吴梅站在杨氏洗衣改衣店前。摄:Yujie Zhou

When many in the Mission need their clothes altered, they rush to see Mei Ng.

On a recent Monday, young techies and others who had just finished work for the day brought a burst of traffic into Young’s Cleaners & Alterations, on Mission Street near Sycamore Street, a sliver of a store lined with machines and pegboards filled with spools of thread. 

They came with their ill-fitting jackets, jeans that needed hemming, and tops cut too low. It’s not uncommon for a customer to bring in a whole pile of clothes in need of alteration to Ng and her “ladies,” who deftly operate the row of sewing machines against the wall.

“Alterations are like art to me,” said Ng, standing among the thread, fabrics and plastic baskets strewn about her shop. 

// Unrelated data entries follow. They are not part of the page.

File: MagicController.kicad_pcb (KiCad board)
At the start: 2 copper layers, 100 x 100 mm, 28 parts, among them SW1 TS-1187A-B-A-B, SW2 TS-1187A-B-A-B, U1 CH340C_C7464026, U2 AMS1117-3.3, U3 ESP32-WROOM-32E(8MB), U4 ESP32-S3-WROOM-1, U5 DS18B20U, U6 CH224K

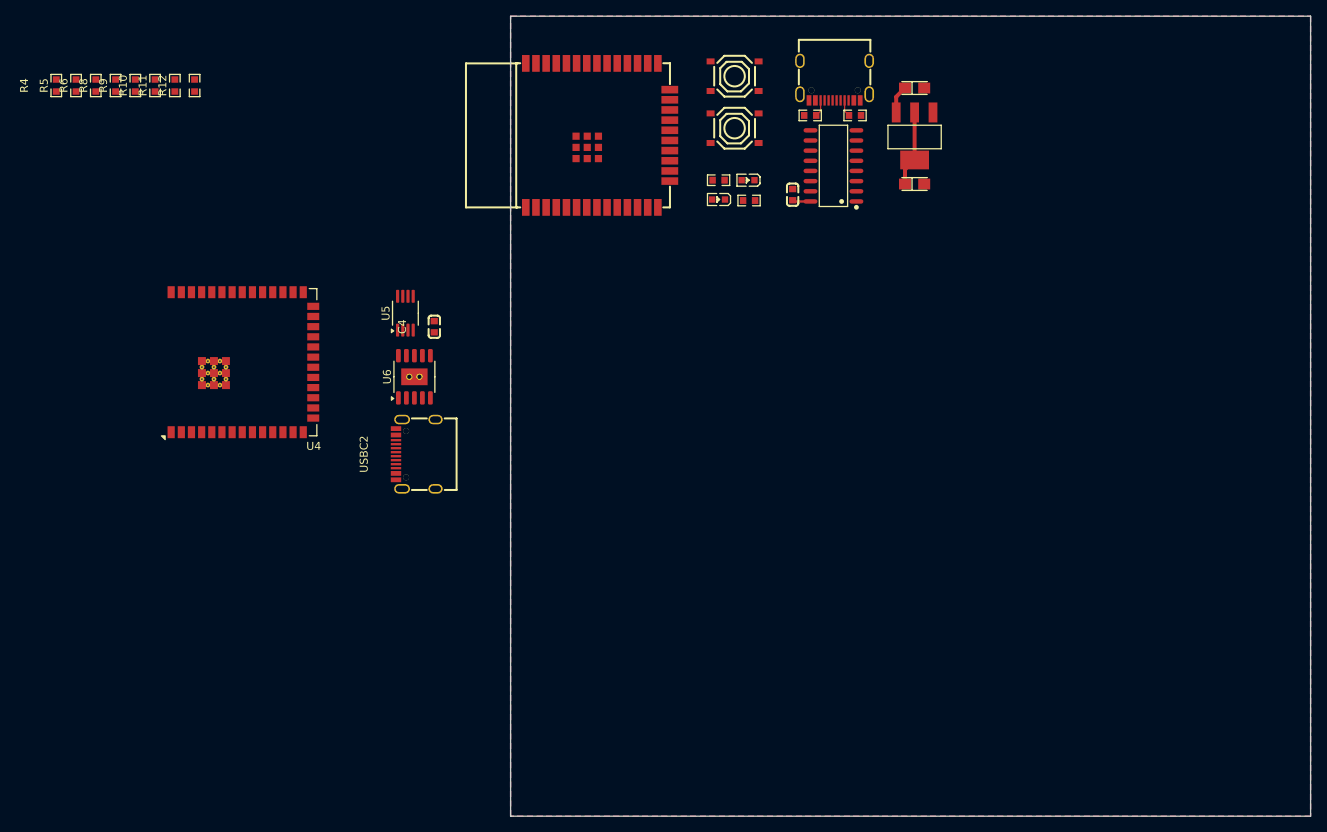
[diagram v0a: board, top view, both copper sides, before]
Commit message: easyeda2kidad from csv
añadido script para cargar las libs
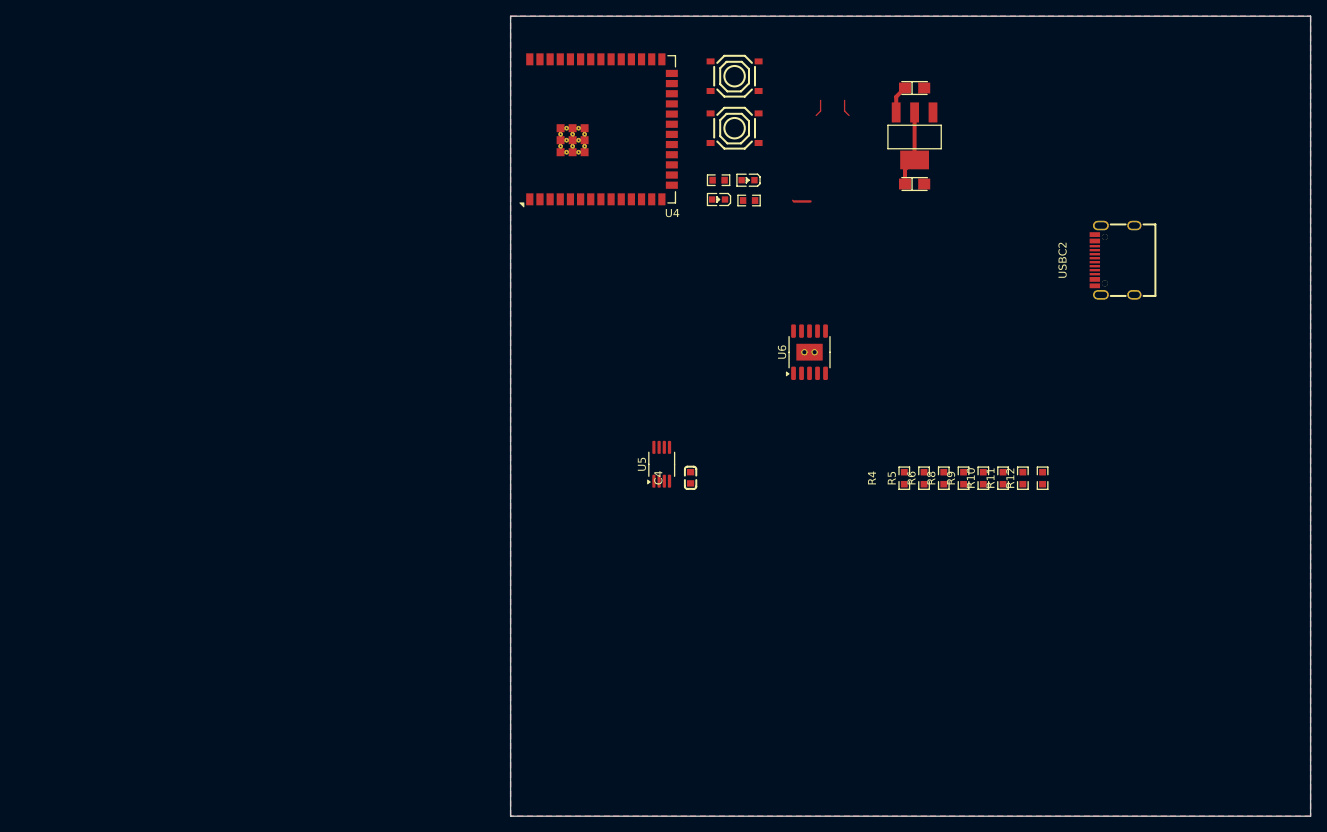
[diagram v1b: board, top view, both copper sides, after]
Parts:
- removed C1: 0.1u, easyeda2kicad:C0603
- removed R1, R2: 5k1, easyeda2kicad:R0603
- removed U1: CH340C_C7464026, easyeda2kicad:SOP-16_L10.0-W3.9-P1.27-LS6.0-BL
- removed U3: ESP32-WROOM-32E(8MB), easyeda2kicad:WIFI-SMD_ESP32-WROOM-32E
- removed USBC1: TYPE-C-31-M-12, easyeda2kicad:USB-C_SMD-TYPE-C-31-M-12
- moved R10 116.8 mm to (143.3, 106.4)
- moved R11 116.8 mm to (145.8, 106.4)
- moved R12 116.8 mm to (148.3, 106.4)
- moved R4 116.8 mm to (131.0, 106.4)
- moved R5 116.8 mm to (133.5, 106.4)
- moved R6 116.8 mm to (135.9, 106.4)
- moved R8 116.8 mm to (138.4, 106.4)
- moved R9 116.8 mm to (140.9, 106.4)
- moved USBC2 90.7 mm to (157.3, 79.1)
- moved U4 53.5 mm to (89.4, 62.8)
- moved U6 49.5 mm to (119.2, 90.6)
- moved C4 37.2 mm to (104.3, 106.3)
- moved U5 37.2 mm to (100.7, 104.7)
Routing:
- net (no net): track 0.00 -> 4.23 mm
- net Net-(USBC1-CC1): track 2.11 -> 0.00 mm
- net Net-(USBC1-CC2): track 2.11 -> 0.00 mm

This 51-year-old seamstress and entrepreneur follows fashion shows and window-shops to see what’s hot for the season. 

Spools of thread on the wall. Photo by Yujie Zhou

“She’s incredibly good,” said Kayla, who at 5 p.m. stood in front of a full-length mirror in a new floor-length gown. She wasn’t sure what to do with the sleeves and wanted Ng’s advice. 

While Kayla and Ng focused on the dress, “Pepper,” Ng’s black goldendoodle, started barking for attention. Whenever Ng passed the restless furry creature, she advised in Cantonese, “Baby, be quiet, mommy’s busy.” 

In the end, Ng had an idea. “​​I like the sleeves on the shoulder, it’s more elegant,” she said. Kayla agreed.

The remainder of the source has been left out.